Wednesday, September 3, 2014

"it's not a celebration..."

a month ago today, i left san francisco.

i got in my car in the still darkness of morning and expected to feel overwhelmingly emotional, leaving my newly totally empty house and the beautiful lurching hills and the proximity to so many people i've loved so long. but instead, i just felt like a girl in a car, wondering just how long it would take to get where i was going and at what point it was legitimate to stop for a treat or a pee. i was a girl in jean shorts and a baseball tee in an old dirty truck, setting out on the same roads i've driven for over ten years now.

anticipation and reflection are so much, and reality, often not much at all. it's what makes movies and songs so moving. they're condensed. they're encapsulated. they've filtered out all the passing moments of just sitting in a car, watching mile marker after mile marker bleed into one another, and all that's left are those crystalline moments of either intense joy or sadness and they seem like so much.

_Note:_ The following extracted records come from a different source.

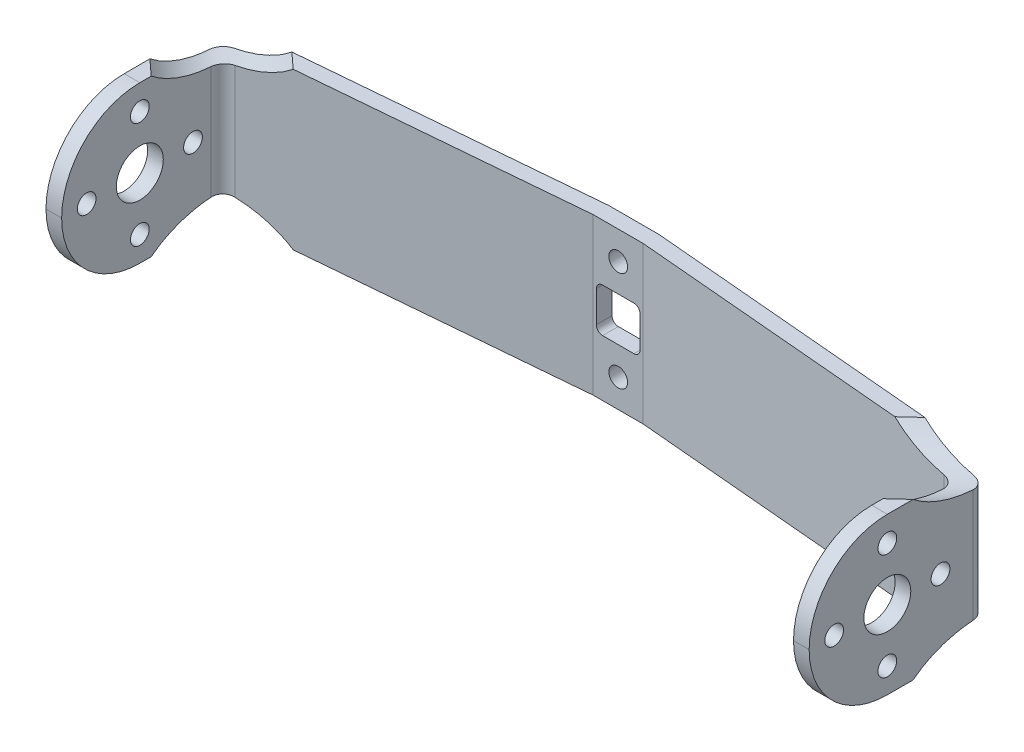
SolidWorks part; units mm, degrees
material "ABS"
ref_plane "Plano frontal" through (0, 0, 0) normal (0, 0, 1) x (1, 0, 0)
ref_plane "Plano superior" through (0, 0, 0) normal (0, 1, 0) x (1, 0, 0)
ref_plane "Plano direito" through (0, 0, 0) normal (1, 0, 0) x (0, 0, -1)
sketch "Esboço1" plane through (0, 0, 0) normal (0, 1, 0) x (1, 0, 0)
  line L0 (-83.493, -40.1032) -> (-85.993, -40.1032)
  line L1 (-85.993, -40.1032) -> (-85.993, -12.1032)
  line L2 (33.507, -14.394) -> (-20.993, -9.6259)
  line L3 (36.007, -12.1032) -> (-20.993, -7.1163)
  line L4 (-83.493, -14.394) -> (-28.993, -9.6259)
  line L5 (-85.993, -12.1032) -> (-28.993, -7.1163)
  line L6 (-83.493, -40.1032) -> (-83.493, -14.394)
  line L7 (-20.993, -7.1163) -> (-28.993, -7.1163)
  line L9 (36.007, -40.1032) -> (33.507, -40.1032)
  line L12 (33.507, -14.394) -> (33.507, -40.1032)
  line L13 (36.007, -12.1032) -> (36.007, -40.1032)
  line L16 (-28.993, -9.6259) -> (-20.993, -9.6259)
  dimension "D1" = 95
  dimension "D2" = 95
  dimension "D3" = 95
  dimension "D4" = 95
extrude "Ressalto-extrusão1" add sketch "Esboço1" along normal blind 25
fillet "Filete1" radius 12.5 4 edges at (34.757, 25, 40.1032) (34.757, 0, 40.1032) (-84.743, 0, 40.1032) (-84.743, 25, 40.1032)
fillet "Filete2" radius 2 4 edges at (-83.493, 12.5, 14.394) (-85.993, 12.5, 12.1032) (36.007, 12.5, 12.1032) (33.507, 12.5, 14.394)
ref_plane "Plano1" through (-39.8025, 0, -36.4723) normal (0.7373, 0, 0.6756) x (0.6756, 0, -0.7373)
sketch "Esboço2" plane through (0, 0, 7.1163) normal (0, 0, -1) x (-1, 0, 0)
  line L0 (28.993, 25) -> (28.993, 0) construction
  line L2 (27.493, 9) -> (22.493, 9)
  line L3 (28.493, 10) -> (28.493, 15)
  line L4 (27.493, 16) -> (22.493, 16)
  line L5 (21.493, 10) -> (21.493, 15)
  line L6 (20.993, 0) -> (28.993, 0) construction
  circle A0 centre (24.993, 4.5) radius 1.5
  circle A1 centre (24.993, 20.5) radius 1.5
  arc A2 (22.493, 9) -> (21.493, 10) centre (22.493, 10) cw
  arc A3 (22.493, 16) -> (21.493, 15) centre (22.493, 15) ccw
  arc A4 (28.493, 15) -> (27.493, 16) centre (27.493, 15) ccw
  arc A5 (27.493, 9) -> (28.493, 10) centre (27.493, 10) ccw
  point P14 (21.493, 9)
  point P19 (28.493, 16)
  point P22 (28.493, 9)
  dimension "D1" = 4
  dimension "D2" = 4
  dimension "D8" = 3
  dimension "D9" = 3
  dimension "D10" = 4.5
  dimension "D11" = 1
  dimension "D3" = 4.5
  dimension "D4" = 4.5
  dimension "D5" = 7
  dimension "D6" = 7
  dimension "D7" = 0.5
extrude "Corte-extrusão1" cut sketch "Esboço2" against normal blind 10
sketch "Esboço3" plane through (36.007, 0, 0) normal (1, 0, 0) x (0, 0, -1)
  line L2 (-27.6032, 25) -> (-13.9359, 25) construction
  circle A0 centre (-27.6032, 12.5) radius 3.75
  circle A1 centre (-36.1032, 12.5) radius 1.5
  circle A2 centre (-19.1032, 12.5) radius 1.5
  circle A3 centre (-27.6032, 4) radius 1.5
  circle A4 centre (-27.6032, 21) radius 1.5
  dimension "D1" = 3
  dimension "D2" = 3
  dimension "D3" = 3
  dimension "D4" = 3
  dimension "D5" = 17
  dimension "D7" = 7.5
  dimension "D8" = 8.5
  dimension "D9" = 8.5
  dimension "D10" = 8.5
  dimension "D11" = 8.5
  dimension "D12" = 8.5
  dimension "D13" = 12.5
  dimension "D14" = 12.5
  dimension "D15" = 12.5
extrude "Corte-extrusão2" cut sketch "Esboço3" against normal through all
sketch "Esboço4" plane through (-39.8025, 0, -36.4723) normal (0.7373, 0, 0.6756) x (0.6756, 0, -0.7373)
  line L0 (-68.3706, 12.5) -> (-68.3706, 32.5)
  line L1 (-68.3706, 25) -> (-68.3706, 0) construction
  line L2 (-68.3706, 32.5) -> (-67.3706, 32.5)
  line L3 (-68.3706, 12.5) -> (-68.3706, -7.5)
  line L4 (-68.3706, -7.5) -> (-67.3706, -7.5)
  circle A0 centre (-67.3706, 32.5) radius 11
  circle A1 centre (-67.3706, -7.5) radius 11
extrude "Corte-extrusão5" cut sketch "Esboço4" along normal blind 17 and the other way blind 17
ref_plane "Plano2" through (-24.993, 0, 0) normal (1, 0, 0) x (0, 0, -1)
mirror "Espelhar1" about plane through (-24.993, 0, 0) normal (1, 0, 0) of "Corte-extrusão5"

today doesn't seem like so much. it seems like today. it's wednesday. i'm wearing pajamas for pj day at school. i have thirty minutes to myself in between shuffling around maybe the craziest babies i've ever encountered. i'm drinking now cold coffee and eating the remains of a sandwich that sat in my sweltering car for at least an entire day. said car only intermittently works. i left dishes in the sink this morning.

this is what i do. i wake up early to snug nic and go for a run. we drink coffee and eat oatmeal that he makes while i shower. i go to work. he goes to school. we come home early evening, make something for dinner, watch a show or read a book together, then go to bed. we do it again.

it's mundane in its consistency. it is not the adventure that i anticipated in coming here. i said that word so many times before leaving. adventure adventure adventure. it's not what I expected. and yet it is the biggest blessing. 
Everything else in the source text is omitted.